I had a coffee at the Dock Street Coffee Shop and watched the cook perform his graceful act at the grill, thinking again that anything done well is beautiful, then walked back through town, got the Landcruiser, and took the ferry across to Chappy. I hadn't hunted the blues between Wasque and the Cape Pogue gut for days, and I needed to get at it.

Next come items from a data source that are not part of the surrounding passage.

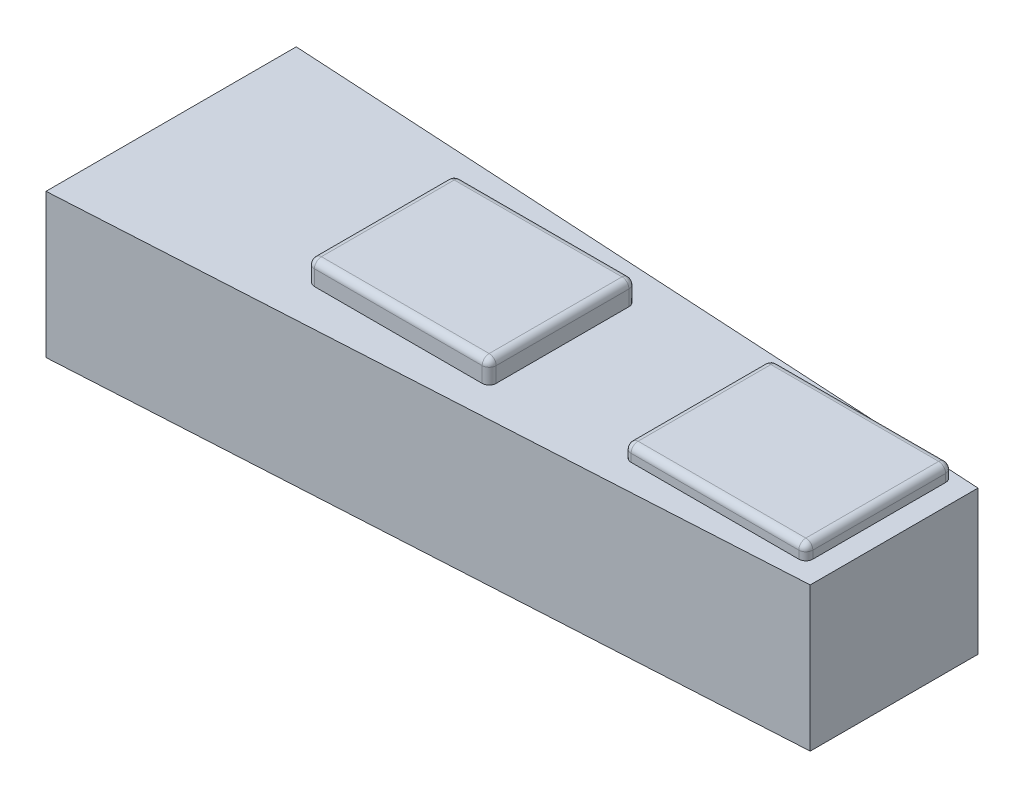
from build123d import *

# Parameters (mm, degrees)
BOSS_EXTRUDE1_DEPTH     = 103
FILLET1_R               = 0.0001
SKETCH2_W               = 130
SKETCH2_H               = 105
BOSS_EXTRUDE2_DEPTH     = 10.6
FILLET2_R               = 5
SKETCH3_W               = 130
SKETCH3_H               = 105
BOSS_EXTRUDE3_DEPTH     = 16
FILLET3_R               = 5
CUT_EXTRUDE1_DEPTH      = 539.168188348
CUT_EXTRUDE1_DEPTH_BACK = 104
SKETCH4_R               = 15
SKETCH5_R               = 15
CUT_EXTRUDE2_DEPTH      = 104


with BuildPart() as part:
    # Sketch1 → Boss-Extrude1 (new body)
    with BuildSketch(Plane(origin=(0, 0, 0), x_dir=(1, 0, 0), z_dir=(0, 1, 0))):
        Polygon((0, -89.5), (0, 89.5), (517.159308144, 60), (517.159308144, -60), align=None)
    extrude(amount=BOSS_EXTRUDE1_DEPTH)

    # Fillet1
    fillet1_edges = [part.edges().sort_by_distance(p)[0] for p in [
        (0, 0, 0),
        (0, 51.5, -89.5),
        (258.579654072, 0, -74.75),
        (517.159308144, 51.5, -60),
        (517.159308144, 0, 0),
        (517.159308144, 51.5, 60),
        (258.579654072, 0, 74.75),
        (0, 51.5, 89.5),
        (0, 103, 0),
        (517.159308144, 103, 0),
        (258.579654072, 103, -74.75),
        (258.579654072, 103, 74.75),
    ]]
    fillet(fillet1_edges, radius=FILLET1_R)

    # Sketch2 → Boss-Extrude2 (add)
    with BuildSketch(Plane(origin=(0, 103, 0), x_dir=(1, 0, 0), z_dir=(0, 1, 0))):
        with Locations((437.159208144, 4.349038924)):
            Rectangle(SKETCH2_W, SKETCH2_H)
    extrude(amount=BOSS_EXTRUDE2_DEPTH)

    # Fillet2
    fillet2_edges = [part.edges().sort_by_distance(p)[0] for p in [
        (502.159208144, 108.3, 48.150961076),
        (502.159208144, 108.3, -56.849038924),
        (372.159208144, 108.3, -56.849038924),
        (372.159208144, 108.3, 48.150961076),
        (502.159208144, 113.6, -4.349038924),
        (437.159208144, 113.6, -56.849038924),
        (372.159208144, 113.6, -4.349038924),
        (437.159208144, 113.6, 48.150961076),
    ]]
    fillet(fillet2_edges, radius=FILLET2_R)

    # Sketch3 → Boss-Extrude3 (add)
    with BuildSketch(Plane(origin=(0, 103, 0), x_dir=(1, 0, 0), z_dir=(0, 1, 0))):
        with Locations((215.0001, 0)):
            Rectangle(SKETCH3_W, SKETCH3_H)
    extrude(amount=BOSS_EXTRUDE3_DEPTH)

    # Fillet3
    fillet3_edges = [part.edges().sort_by_distance(p)[0] for p in [
        (280.0001, 111, 52.5),
        (280.0001, 111, -52.5),
        (150.0001, 111, -52.5),
        (150.0001, 111, 52.5),
        (280.0001, 119, 0),
        (215.0001, 119, -52.5),
        (150.0001, 119, 0),
        (215.0001, 119, 52.5),
    ]]
    fillet(fillet3_edges, radius=FILLET3_R)

    # Sketch4 → Cut-Extrude1 (cut, two sides: drawn at the far end of the back side and taken through both)
    with BuildSketch(Plane.XZ.offset(-CUT_EXTRUDE1_DEPTH_BACK)):
        with Locations(Location((479.159308144, 0, 0), (0, 0, 90))):
            Circle(SKETCH4_R)
    extrude(amount=CUT_EXTRUDE1_DEPTH + CUT_EXTRUDE1_DEPTH_BACK, mode=Mode.SUBTRACT)

    # Sketch5 → Cut-Extrude2 (cut)
    with BuildSketch(Plane.XZ):
        with Locations(Location((255, 0, 0), (0, 0, 270))):
            Circle(SKETCH5_R)
    extrude(amount=-CUT_EXTRUDE2_DEPTH, mode=Mode.SUBTRACT)


solid = part.part

By four I was home again. The sky was overcast and the wind was brisk from the southwest. I showered and climbed into chinos and boat shoes, had a fast vodka on ice, grabbed my topsider, and went to pick up Zee.

She was waiting and climbed in beside me. “You're clouding,” she said as we drove west. “When you're thinking about something, a little black cloud sits on your forehead. It's there now.”

“The curse of the great intellectuals,” I said. “Our mark of Cain. We're doomed to think all the time, whether we want to or not.”

“Pure affectation as far as you're concerned,” said Zee. “Intellectuals make lousy lovers because they're always thinking about what they're doing. The same can't be said for you, that's for sure. You're a part-time thinker at best, I'm glad to say.”

“Maybe you're right. I won't do it anymore. I have a hard time doing it when you're around anyway.”

“I've noticed. Why are you clouding?”

“I'm not clouding.” I willed my cloud away.

“Why
were
you clouding?”

“I was clouding about the same thing I've been clouding about for the last month—how Marjorie Summerharp ended up dead. Here we are.” I turned off and drove along Tristan Cooper's driveway. We passed the graveyard and came to his house. Off to the southwest beyond Nomans Land storm clouds were darkening the sky, but rain seemed far off, if it was coming at all. Plenty of time for a tour of Tristan's grounds before the first drops fell. The overcast and wind made both land and sea seem older and wilder.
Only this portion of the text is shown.